Comme à son habitude, Henri Chalet joue de l’espace que lui offre
l’écrin de la Cathédrale, dispose et distribue son chœur dans des
configurations miroitantes ; désir de donner du mouvement, de moduler et
adapter l’acoustique mais aussi nécessités musicales : pièces faisant
appel au chœur dans sa totalité, pièces pour chœur double, ou encore
pour formation restreinte. La polyphonie évolue ainsi dans une couleur
vocale régénérée au fil du programme. Orgue délicieux distillé par Yves
Castagnet dans un même allant et en parfaite symbiose avec l’Ensemble.
La variété même du programme, la grande qualité et l’investissement des
interprètes avec des voix bien plus que simplement ravissantes invitent
tant au recueillement qu’au plaisir musical.
Les harmonies subtiles de la Renaissance rebondissent et s’enchevêtrent
à perfection dans les deux Ave Maria de Thomas Luis de Victoria ; L’Ave
Maria Stella écrit en 1611 par Monteverdi est un vrai délice avec le jeu
d’écho du chœur central et de deux quatuors éloignés dans le transept ;
sa Cantate Domino un moment d’allégresse ; la Messe de Hassler se
décline avec poésie et inspiration, tout comme le Sancta Maria et le
Beata Es Virgo de Gabrielli, et le Osculetur me de Roland de Lassus.
Perfections polyphoniques également dans l’art du contrepoint ici
rehaussées par l’adjonction de quatre pièces contemporaines, commandes
récentes de La Maitrise à quatre compositeurs. Parenthèses musicales aux
langages orientés vers un chromatisme assumé et les frottements
dissonants, mais toujours sans excès comme le beau et captivant Nigra
Sum (2001) de Caroline Marçot, le très récent Sacre du Royaume (2013) de
Charpy ou encore La Femme Revêtue de Soleil de Reverdy.
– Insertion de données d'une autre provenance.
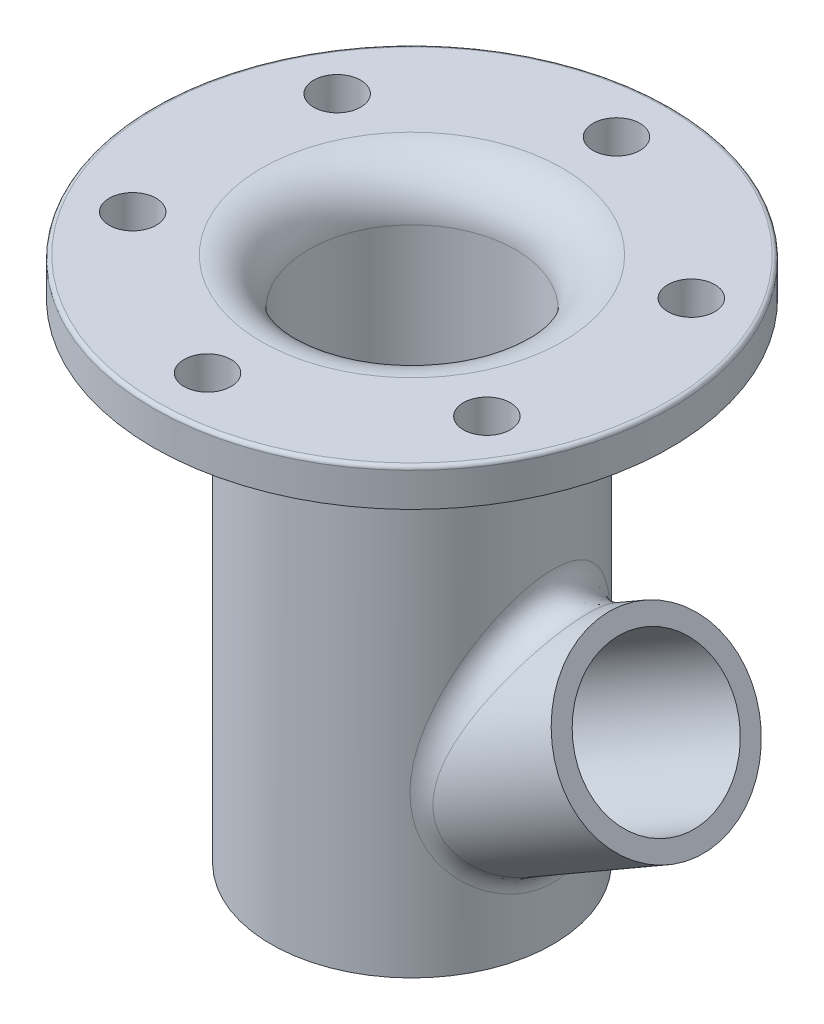
SolidWorks part; units mm, degrees
ref_plane "Front Plane" through (0, 0, 0) normal (0, 0, 1) x (1, 0, 0)
ref_plane "Top Plane" through (0, 0, 0) normal (0, 1, 0) x (1, 0, 0)
ref_plane "Right Plane" through (0, 0, 0) normal (1, 0, 0) x (0, 0, -1)
sketch "Sketch1" plane through (0, 0, 0) normal (0, 0, 1) x (1, 0, 0)
  line L0 (-8.4447, 61.3229) -> (-20.955, 61.3229)
  line L1 (-20.955, 61.3229) -> (-20.955, 56.2429)
  line L2 (-20.955, 56.2429) -> (-5.08, 56.2429)
  line L3 (-5.08, 56.2429) -> (-5.08, -9.7971)
  line L4 (-5.08, -9.7971) -> (0, -9.7971)
  line L5 (0, -4.7171) -> (0, 61.3229)
  line L6 (0, 61.3229) -> (-8.4447, 61.3229)
  line L7 (13.97, -9.7971) -> (13.97, 61.3229) construction
  line L11 (0, -4.7171) -> (0, -9.7971)
  dimension "D1" = 5.08
  dimension "D2" = 71.12
  dimension "D3" = 5.08
  dimension "D4" = 19.05
  dimension "D6" = 34.925
revolve "Revolve2" add sketch "Sketch1" angle 360 about L7
fillet "Fillet1" radius 6.35 1 edges at (13.97, 61.3229, -13.97)
ref_plane "Plane1" through (0, 61.3229, 0) normal (0, 1, 0) x (1, 0, 0)
sketch "Sketch3" plane through (0, 61.3229, 0) normal (0, 1, 0) x (1, 0, 0)
  line L0 (13.97, 34.925) -> (13.97, 20.32) construction
  circle A0 centre (13.97, 0) radius 34.925 construction
  circle A1 centre (13.97, 0) radius 20.32 construction
  circle A2 centre (13.97, 27.6225) radius 3.175
  dimension "D1" = 6.35
extrude "Cut-Extrude1" cut sketch "Sketch3" against normal up to next
pattern_circular "CirPattern1" count 6 over 360 about axis through (13.97, -9.7971, 0) along (0, -1, 0) of "Cut-Extrude1"
fillet "Fillet2" radius 0.508 1 edges at (13.97, 61.3229, -34.925)
sketch "Sketch4" plane through (0, 0, 0) normal (0, 0, 1) x (1, 0, 0)
  line L0 (13.97, -9.7971) -> (13.97, 60.8149) construction
  line L1 (-5.08, -9.7971) -> (33.02, -9.7971) construction
  line L2 (48.895, 60.8149) -> (-20.955, 60.8149) construction
  line L3 (13.97, 2.9029) -> (46.9656, 21.9529) construction
  line L4 (13.97, 2.9029) -> (80.3007, 2.9029) construction
  dimension "D1" = 12.7
  dimension "D2" = 30
  dimension "D3" = 38.1
ref_plane "Plane2" through (46.9656, 21.9529, 0) normal (0.866, 0.5, 0) x (0, 0, -1)
sketch "Sketch5" plane through (46.9656, 21.9529, 0) normal (0.866, 0.5, 0) x (0, 0, -1)
  line L0 (0, 0) -> (0, -33.1654) construction
  line L1 (0, -10.9985) -> (0, 50.1533) construction
  circle A0 centre (0, 0) radius 12.7
  dimension "D1" = 25.4
extrude "Boss-Extrude1" add sketch "Sketch5" against normal up to next
sketch "Sketch6" plane through (46.9656, 21.9529, 0) normal (0.866, 0.5, 0) x (0, 0, -1)
  line L0 (0, 0) -> (0, -33.1654) construction
  line L1 (0, -10.9985) -> (0, 50.1533) construction
  circle A0 centre (0, 0) radius 10.16
  dimension "D1" = 20.32
extrude "Cut-Extrude2" cut sketch "Sketch6" against normal up to next
fillet "Fillet3" radius 3.175 2 edges at (13.97, 56.2429, -19.05) (32.8517, -0.5674, -2.5263)

Quel plaisir
enfin avec O Notre Dame Du Soir pour chœur de femmes et orgue dans
lequel les dissonances s’assemblent discrètement avec pertinence pour
laisser progressivement place à un chromatisme harmonique et mélodique
fluide d’une grande beauté, plaisir éminemment doublé par la présence à
la console de l’instrument du compositeur en personne, à savoir Yves
Castagnet.
En résumé, ce concert, l’un des derniers de la saison 2016-2017, aura
été à la hauteur de cette année fructueuse et riche en instants de
grâce, aboutissement profondément musical d’un travail exigeant, soigné
et constant dans la qualité des réalisations proposées depuis septembre
: Ensemble Vocal qui, dans sa totalité nous a offert un bien beau
parcours et nous aura régalé de voix toujours florissantes et
singulières ; Henri Chalet en chef accompli qui aura délivré une
direction adroite, habile et convaincue ; Yves Castagnet en
instrumentiste supérieur qui aura dispensé le juste essentiel de son art
remarquable. Merci.
Jean-Paul Bottemanne
Lexnews a écouté
pour vous... Concert du 4 mai 2017, Mikhail Rudy, Collège des Bernardins
Pour sa quatrième venue depuis 2009
sous la voûte de la nef du Collège des Bernardins, Mikhail Rudy, classé
à juste titre parmi les vingt plus grands pianistes par le BBC Music
Magazine, s’est fait le chantre sincère et humble de la Liberté avec un
programme de choix et d’excellence. De par son jeu limpide dans une
virtuosité assumée, son adhésion totale à l’art musical s’est propagée
dans les rangs d’une audience captivée au-delà de ses espérances.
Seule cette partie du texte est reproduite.